WAND: Windowed Attention and Knowledge Distillation for Efficient Autoregressive Text-to-Speech Models
New research from Hanna Lee et al. achieves near-constant latency for text-to-speech models.
A research team led by Hanna Lee has introduced WAND (Windowed Attention and Knowledge Distillation), a novel framework designed to solve the scalability problem in modern text-to-speech (TTS) models. Current autoregressive TTS models, which generate high-quality speech one token at a time, suffer from quadratic scaling in memory and compute costs due to their reliance on full self-attention over the entire sequence. WAND tackles this by splitting the attention mechanism: it uses persistent global attention for the initial text conditioning tokens and a local sliding-window attention for the generated audio tokens. This architectural shift changes the computational complexity from quadratic to constant relative to sequence length.
To implement WAND without sacrificing the output quality of pre-trained models, the team employs a two-pronged training strategy. First, they use curriculum learning, gradually tightening the attention window during fine-tuning to stabilize the process. Second, they apply knowledge distillation, where a smaller WAND-equipped student model learns to mimic the outputs of a larger, full-attention teacher model. This combination allows for high data efficiency and quality recovery. Evaluated on three modern AR-TTS architectures, WAND maintained the original synthesis fidelity while delivering up to a 66.2% reduction in key-value (KV) cache memory and achieving near-constant, predictable latency per generation step, regardless of audio length.

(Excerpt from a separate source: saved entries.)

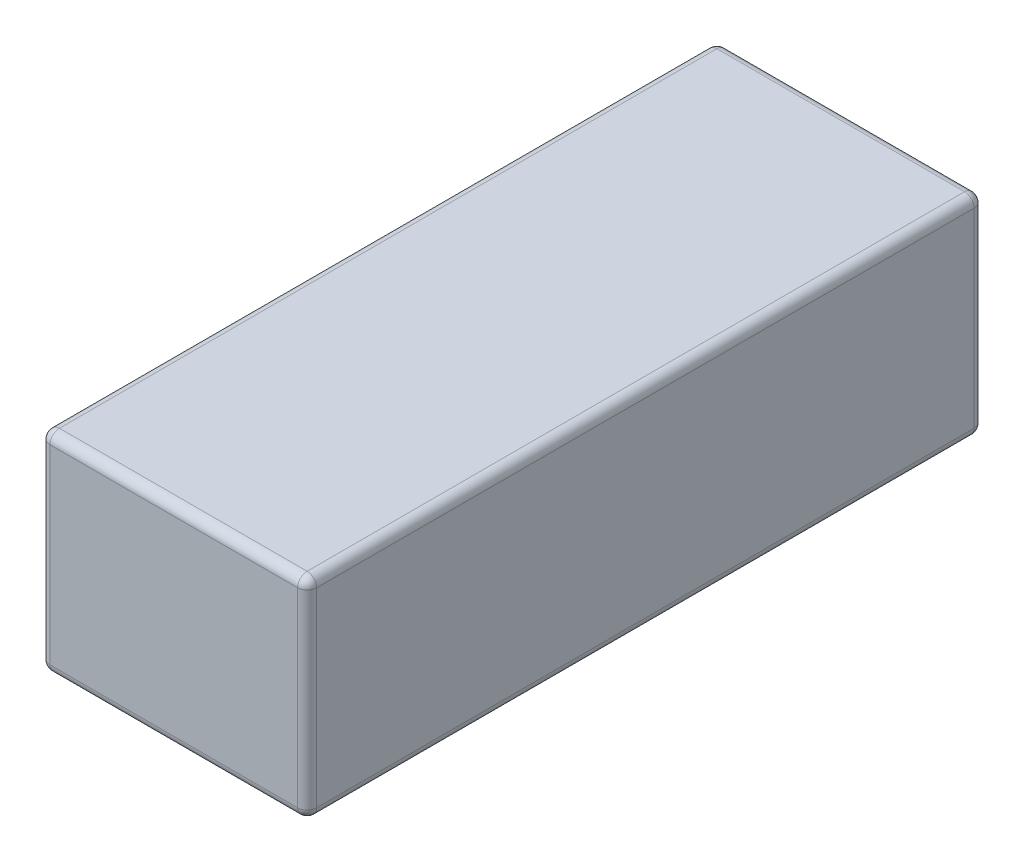
ISO-10303-21;
HEADER;
FILE_DESCRIPTION(('STEP AP214'),'2;1');
FILE_NAME('part.step','',(''),(''),'','','');
FILE_SCHEMA(('AUTOMOTIVE_DESIGN { 1 0 10303 214 1 1 1 1 }'));
ENDSEC;
DATA;
#1=APPLICATION_CONTEXT('core data for automotive mechanical design processes');
#2=APPLICATION_PROTOCOL_DEFINITION('international standard','automotive_design',2000,#1);
#3=PRODUCT_CONTEXT('',#1,'mechanical');
#4=PRODUCT('Part','Part','',(#3));
#5=PRODUCT_RELATED_PRODUCT_CATEGORY('part','',(#4));
#6=PRODUCT_DEFINITION_FORMATION('','',#4);
#7=PRODUCT_DEFINITION_CONTEXT('part definition',#1,'design');
#8=PRODUCT_DEFINITION('design','',#6,#7);
#9=PRODUCT_DEFINITION_SHAPE('','',#8);
#10=(LENGTH_UNIT() NAMED_UNIT(*) SI_UNIT(.MILLI.,.METRE.));
#11=(NAMED_UNIT(*) PLANE_ANGLE_UNIT() SI_UNIT($,.RADIAN.));
#12=(NAMED_UNIT(*) SI_UNIT($,.STERADIAN.) SOLID_ANGLE_UNIT());
#13=UNCERTAINTY_MEASURE_WITH_UNIT(LENGTH_MEASURE(1.E-05),#10,'distance_accuracy_value','');
#14=(GEOMETRIC_REPRESENTATION_CONTEXT(3) GLOBAL_UNCERTAINTY_ASSIGNED_CONTEXT((#13)) GLOBAL_UNIT_ASSIGNED_CONTEXT((#10,
#11,#12)) REPRESENTATION_CONTEXT('',''));
#15=CARTESIAN_POINT('',(0.,0.,0.));
#16=DIRECTION('',(0.,0.,1.));
#17=DIRECTION('',(1.,0.,0.));
#18=AXIS2_PLACEMENT_3D('',#15,#16,#17);
#19=CARTESIAN_POINT('',(28.,22.,142.));
#20=DIRECTION('',(-1.,0.,0.));
#21=DIRECTION('',(0.,-1.,0.));
#22=AXIS2_PLACEMENT_3D('',#19,#20,#21);
#23=PLANE('',#22);
#24=DIRECTION('',(0.,1.,0.));
#25=VECTOR('',#24,1.);
#26=CARTESIAN_POINT('',(28.,-22.,140.));
#27=LINE('',#26,#25);
#28=CARTESIAN_POINT('',(28.,20.,140.));
#29=VERTEX_POINT('',#28);
#30=CARTESIAN_POINT('',(28.,-20.,140.));
#31=VERTEX_POINT('',#30);
#32=EDGE_CURVE('E199',#29,#31,#27,.F.);
#33=ORIENTED_EDGE('',*,*,#32,.T.);
#34=DIRECTION('',(0.,0.,-1.));
#35=VECTOR('',#34,1.);
#36=CARTESIAN_POINT('',(28.,-20.,142.));
#37=LINE('',#36,#35);
#38=CARTESIAN_POINT('',(28.,-20.,2.));
#39=VERTEX_POINT('',#38);
#40=EDGE_CURVE('E201',#31,#39,#37,.T.);
#41=ORIENTED_EDGE('',*,*,#40,.T.);
#42=DIRECTION('',(0.,1.,0.));
#43=VECTOR('',#42,1.);
#44=CARTESIAN_POINT('',(28.,22.,2.));
#45=LINE('',#44,#43);
#46=CARTESIAN_POINT('',(28.,20.,2.));
#47=VERTEX_POINT('',#46);
#48=EDGE_CURVE('E197',#39,#47,#45,.T.);
#49=ORIENTED_EDGE('',*,*,#48,.T.);
#50=DIRECTION('',(0.,0.,-1.));
#51=VECTOR('',#50,1.);
#52=CARTESIAN_POINT('',(28.,20.,142.));
#53=LINE('',#52,#51);
#54=EDGE_CURVE('E195',#47,#29,#53,.F.);
#55=ORIENTED_EDGE('',*,*,#54,.T.);
#56=EDGE_LOOP('',(#33,#41,#49,#55));
#57=FACE_BOUND('',#56,.T.);
#58=ADVANCED_FACE('F39',(#57),#23,.F.);
#59=CARTESIAN_POINT('',(-28.,22.,142.));
#60=DIRECTION('',(0.,-1.,0.));
#61=DIRECTION('',(0.,0.,-1.));
#62=AXIS2_PLACEMENT_3D('',#59,#60,#61);
#63=PLANE('',#62);
#64=DIRECTION('',(-1.,0.,0.));
#65=VECTOR('',#64,1.);
#66=CARTESIAN_POINT('',(28.,22.,140.));
#67=LINE('',#66,#65);
#68=CARTESIAN_POINT('',(-26.,22.,140.));
#69=VERTEX_POINT('',#68);
#70=CARTESIAN_POINT('',(26.,22.,140.));
#71=VERTEX_POINT('',#70);
#72=EDGE_CURVE('E48',#69,#71,#67,.F.);
#73=ORIENTED_EDGE('',*,*,#72,.T.);
#74=DIRECTION('',(0.,0.,-1.));
#75=VECTOR('',#74,1.);
#76=CARTESIAN_POINT('',(26.,22.,142.));
#77=LINE('',#76,#75);
#78=CARTESIAN_POINT('',(26.,22.,2.));
#79=VERTEX_POINT('',#78);
#80=EDGE_CURVE('E11',#71,#79,#77,.T.);
#81=ORIENTED_EDGE('',*,*,#80,.T.);
#82=DIRECTION('',(-1.,0.,0.));
#83=VECTOR('',#82,1.);
#84=CARTESIAN_POINT('',(-28.,22.,2.));
#85=LINE('',#84,#83);
#86=CARTESIAN_POINT('',(-26.,22.,2.));
#87=VERTEX_POINT('',#86);
#88=EDGE_CURVE('E204',#79,#87,#85,.T.);
#89=ORIENTED_EDGE('',*,*,#88,.T.);
#90=DIRECTION('',(0.,0.,-1.));
#91=VECTOR('',#90,1.);
#92=CARTESIAN_POINT('',(-26.,22.,142.));
#93=LINE('',#92,#91);
#94=EDGE_CURVE('E59',#87,#69,#93,.F.);
#95=ORIENTED_EDGE('',*,*,#94,.T.);
#96=EDGE_LOOP('',(#73,#81,#89,#95));
#97=FACE_BOUND('',#96,.T.);
#98=ADVANCED_FACE('F298',(#97),#63,.F.);
#99=CARTESIAN_POINT('',(-28.,22.,142.));
#100=DIRECTION('',(1.,0.,0.));
#101=DIRECTION('',(0.,1.,0.));
#102=AXIS2_PLACEMENT_3D('',#99,#100,#101);
#103=PLANE('',#102);
#104=DIRECTION('',(0.,0.,-1.));
#105=VECTOR('',#104,1.);
#106=CARTESIAN_POINT('',(-28.,20.,142.));
#107=LINE('',#106,#105);
#108=CARTESIAN_POINT('',(-28.,20.,140.));
#109=VERTEX_POINT('',#108);
#110=CARTESIAN_POINT('',(-28.,20.,2.));
#111=VERTEX_POINT('',#110);
#112=EDGE_CURVE('E131',#109,#111,#107,.T.);
#113=ORIENTED_EDGE('',*,*,#112,.T.);
#114=DIRECTION('',(0.,-1.,0.));
#115=VECTOR('',#114,1.);
#116=CARTESIAN_POINT('',(-28.,22.,2.));
#117=LINE('',#116,#115);
#118=CARTESIAN_POINT('',(-28.,-20.,2.));
#119=VERTEX_POINT('',#118);
#120=EDGE_CURVE('E167',#111,#119,#117,.T.);
#121=ORIENTED_EDGE('',*,*,#120,.T.);
#122=DIRECTION('',(0.,0.,-1.));
#123=VECTOR('',#122,1.);
#124=CARTESIAN_POINT('',(-28.,-20.,142.));
#125=LINE('',#124,#123);
#126=CARTESIAN_POINT('',(-28.,-20.,140.));
#127=VERTEX_POINT('',#126);
#128=EDGE_CURVE('E134',#119,#127,#125,.F.);
#129=ORIENTED_EDGE('',*,*,#128,.T.);
#130=DIRECTION('',(0.,-1.,0.));
#131=VECTOR('',#130,1.);
#132=CARTESIAN_POINT('',(-28.,22.,140.));
#133=LINE('',#132,#131);
#134=EDGE_CURVE('E126',#127,#109,#133,.F.);
#135=ORIENTED_EDGE('',*,*,#134,.T.);
#136=EDGE_LOOP('',(#113,#121,#129,#135));
#137=FACE_BOUND('',#136,.T.);
#138=ADVANCED_FACE('F128',(#137),#103,.F.);
#139=CARTESIAN_POINT('',(-28.,-22.,142.));
#140=DIRECTION('',(0.,1.,0.));
#141=DIRECTION('',(0.,0.,1.));
#142=AXIS2_PLACEMENT_3D('',#139,#140,#141);
#143=PLANE('',#142);
#144=DIRECTION('',(1.,0.,0.));
#145=VECTOR('',#144,1.);
#146=CARTESIAN_POINT('',(-28.,-22.,140.));
#147=LINE('',#146,#145);
#148=CARTESIAN_POINT('',(26.,-22.,140.));
#149=VERTEX_POINT('',#148);
#150=CARTESIAN_POINT('',(-26.,-22.,140.));
#151=VERTEX_POINT('',#150);
#152=EDGE_CURVE('E180',#149,#151,#147,.F.);
#153=ORIENTED_EDGE('',*,*,#152,.T.);
#154=DIRECTION('',(0.,0.,-1.));
#155=VECTOR('',#154,1.);
#156=CARTESIAN_POINT('',(-26.,-22.,142.));
#157=LINE('',#156,#155);
#158=CARTESIAN_POINT('',(-26.,-22.,2.));
#159=VERTEX_POINT('',#158);
#160=EDGE_CURVE('E184',#151,#159,#157,.T.);
#161=ORIENTED_EDGE('',*,*,#160,.T.);
#162=DIRECTION('',(1.,0.,0.));
#163=VECTOR('',#162,1.);
#164=CARTESIAN_POINT('',(-28.,-22.,2.));
#165=LINE('',#164,#163);
#166=CARTESIAN_POINT('',(26.,-22.,2.));
#167=VERTEX_POINT('',#166);
#168=EDGE_CURVE('E182',#159,#167,#165,.T.);
#169=ORIENTED_EDGE('',*,*,#168,.T.);
#170=DIRECTION('',(0.,0.,-1.));
#171=VECTOR('',#170,1.);
#172=CARTESIAN_POINT('',(26.,-22.,142.));
#173=LINE('',#172,#171);
#174=EDGE_CURVE('E178',#167,#149,#173,.F.);
#175=ORIENTED_EDGE('',*,*,#174,.T.);
#176=EDGE_LOOP('',(#153,#161,#169,#175));
#177=FACE_BOUND('',#176,.T.);
#178=ADVANCED_FACE('F281',(#177),#143,.F.);
#179=CARTESIAN_POINT('',(0.,0.,142.));
#180=DIRECTION('',(0.,0.,1.));
#181=DIRECTION('',(1.,0.,0.));
#182=AXIS2_PLACEMENT_3D('',#179,#180,#181);
#183=PLANE('',#182);
#184=DIRECTION('',(0.,-1.,0.));
#185=VECTOR('',#184,1.);
#186=CARTESIAN_POINT('',(-26.,-22.,142.));
#187=LINE('',#186,#185);
#188=CARTESIAN_POINT('',(-26.,20.,142.));
#189=VERTEX_POINT('',#188);
#190=CARTESIAN_POINT('',(-26.,-20.,142.));
#191=VERTEX_POINT('',#190);
#192=EDGE_CURVE('E144',#189,#191,#187,.T.);
#193=ORIENTED_EDGE('',*,*,#192,.T.);
#194=DIRECTION('',(1.,0.,0.));
#195=VECTOR('',#194,1.);
#196=CARTESIAN_POINT('',(28.,-20.,142.));
#197=LINE('',#196,#195);
#198=CARTESIAN_POINT('',(26.,-20.,142.));
#199=VERTEX_POINT('',#198);
#200=EDGE_CURVE('E192',#191,#199,#197,.T.);
#201=ORIENTED_EDGE('',*,*,#200,.T.);
#202=DIRECTION('',(0.,1.,0.));
#203=VECTOR('',#202,1.);
#204=CARTESIAN_POINT('',(26.,22.,142.));
#205=LINE('',#204,#203);
#206=CARTESIAN_POINT('',(26.,20.,142.));
#207=VERTEX_POINT('',#206);
#208=EDGE_CURVE('E189',#199,#207,#205,.T.);
#209=ORIENTED_EDGE('',*,*,#208,.T.);
#210=DIRECTION('',(-1.,0.,0.));
#211=VECTOR('',#210,1.);
#212=CARTESIAN_POINT('',(-28.,20.,142.));
#213=LINE('',#212,#211);
#214=EDGE_CURVE('E187',#207,#189,#213,.T.);
#215=ORIENTED_EDGE('',*,*,#214,.T.);
#216=EDGE_LOOP('',(#193,#201,#209,#215));
#217=FACE_BOUND('',#216,.T.);
#218=ADVANCED_FACE('F268',(#217),#183,.T.);
#219=CARTESIAN_POINT('',(0.,0.,0.));
#220=DIRECTION('',(0.,0.,1.));
#221=DIRECTION('',(1.,0.,0.));
#222=AXIS2_PLACEMENT_3D('',#219,#220,#221);
#223=PLANE('',#222);
#224=DIRECTION('',(1.,0.,0.));
#225=VECTOR('',#224,1.);
#226=CARTESIAN_POINT('',(0.,-20.,0.));
#227=LINE('',#226,#225);
#228=CARTESIAN_POINT('',(26.,-20.,0.));
#229=VERTEX_POINT('',#228);
#230=CARTESIAN_POINT('',(-26.,-20.,0.));
#231=VERTEX_POINT('',#230);
#232=EDGE_CURVE('E173',#229,#231,#227,.F.);
#233=ORIENTED_EDGE('',*,*,#232,.T.);
#234=DIRECTION('',(0.,-1.,0.));
#235=VECTOR('',#234,1.);
#236=CARTESIAN_POINT('',(-26.,0.,0.));
#237=LINE('',#236,#235);
#238=CARTESIAN_POINT('',(-26.,20.,0.));
#239=VERTEX_POINT('',#238);
#240=EDGE_CURVE('E175',#231,#239,#237,.F.);
#241=ORIENTED_EDGE('',*,*,#240,.T.);
#242=DIRECTION('',(-1.,0.,0.));
#243=VECTOR('',#242,1.);
#244=CARTESIAN_POINT('',(0.,20.,0.));
#245=LINE('',#244,#243);
#246=CARTESIAN_POINT('',(26.,20.,0.));
#247=VERTEX_POINT('',#246);
#248=EDGE_CURVE('E169',#239,#247,#245,.F.);
#249=ORIENTED_EDGE('',*,*,#248,.T.);
#250=DIRECTION('',(0.,1.,0.));
#251=VECTOR('',#250,1.);
#252=CARTESIAN_POINT('',(26.,0.,0.));
#253=LINE('',#252,#251);
#254=EDGE_CURVE('E171',#247,#229,#253,.F.);
#255=ORIENTED_EDGE('',*,*,#254,.T.);
#256=EDGE_LOOP('',(#233,#241,#249,#255));
#257=FACE_BOUND('',#256,.T.);
#258=ADVANCED_FACE('F484',(#257),#223,.F.);
#259=CARTESIAN_POINT('',(26.,0.,140.));
#260=DIRECTION('',(0.,-1.,0.));
#261=DIRECTION('',(1.,0.,0.));
#262=AXIS2_PLACEMENT_3D('',#259,#260,#261);
#263=CYLINDRICAL_SURFACE('',#262,2.);
#264=CARTESIAN_POINT('',(26.,20.,140.));
#265=DIRECTION('',(0.,1.,0.));
#266=DIRECTION('',(0.,0.,1.));
#267=AXIS2_PLACEMENT_3D('',#264,#265,#266);
#268=CIRCLE('',#267,2.);
#269=EDGE_CURVE('E43',#207,#29,#268,.T.);
#270=ORIENTED_EDGE('',*,*,#269,.F.);
#271=ORIENTED_EDGE('',*,*,#208,.F.);
#272=CARTESIAN_POINT('',(26.,-20.,140.));
#273=DIRECTION('',(0.,-1.,0.));
#274=DIRECTION('',(0.,0.,-1.));
#275=AXIS2_PLACEMENT_3D('',#272,#273,#274);
#276=CIRCLE('',#275,2.);
#277=EDGE_CURVE('E164',#31,#199,#276,.T.);
#278=ORIENTED_EDGE('',*,*,#277,.F.);
#279=ORIENTED_EDGE('',*,*,#32,.F.);
#280=EDGE_LOOP('',(#270,#271,#278,#279));
#281=FACE_BOUND('',#280,.T.);
#282=ADVANCED_FACE('F41',(#281),#263,.T.);
#283=CARTESIAN_POINT('',(26.,20.,140.));
#284=DIRECTION('',(1.,0.,0.));
#285=DIRECTION('',(0.,0.,-1.));
#286=AXIS2_PLACEMENT_3D('',#283,#284,#285);
#287=SPHERICAL_SURFACE('',#286,2.);
#288=CARTESIAN_POINT('',(26.,20.,140.));
#289=DIRECTION('',(1.,0.,0.));
#290=DIRECTION('',(0.,0.,-1.));
#291=AXIS2_PLACEMENT_3D('',#288,#289,#290);
#292=CIRCLE('',#291,2.);
#293=EDGE_CURVE('E249',#207,#71,#292,.F.);
#294=ORIENTED_EDGE('',*,*,#293,.F.);
#295=ORIENTED_EDGE('',*,*,#269,.T.);
#296=CARTESIAN_POINT('',(26.,20.,140.));
#297=DIRECTION('',(0.,0.,1.));
#298=DIRECTION('',(1.,0.,0.));
#299=AXIS2_PLACEMENT_3D('',#296,#297,#298);
#300=CIRCLE('',#299,2.);
#301=EDGE_CURVE('E251',#71,#29,#300,.F.);
#302=ORIENTED_EDGE('',*,*,#301,.F.);
#303=EDGE_LOOP('',(#294,#295,#302));
#304=FACE_BOUND('',#303,.T.);
#305=ADVANCED_FACE('F291',(#304),#287,.T.);
#306=CARTESIAN_POINT('',(26.,-20.,140.));
#307=DIRECTION('',(0.,0.,1.));
#308=DIRECTION('',(1.,0.,0.));
#309=AXIS2_PLACEMENT_3D('',#306,#307,#308);
#310=SPHERICAL_SURFACE('',#309,2.);
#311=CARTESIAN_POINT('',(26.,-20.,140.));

The implications are significant for deploying TTS in resource-constrained environments like mobile devices or for generating long-form audio such as audiobooks or podcasts. By decoupling latency from output length, WAND enables real-time, high-quality speech synthesis that was previously bottlenecked by memory constraints. The paper, submitted to Interspeech 2026, represents a major step toward efficient generative audio models without the traditional trade-offs in quality.
- Hybrid attention mechanism splits global text attention and local audio windowing, enabling constant compute complexity.
- Achieves up to 66.2% KV cache memory reduction and length-invariant latency while preserving original model quality.
- Uses curriculum learning and knowledge distillation for stable, data-efficient fine-tuning of existing pretrained TTS models.
Why It Matters
Enables real-time, high-fidelity speech synthesis on edge devices and for long-form content by breaking the memory-latency bottleneck.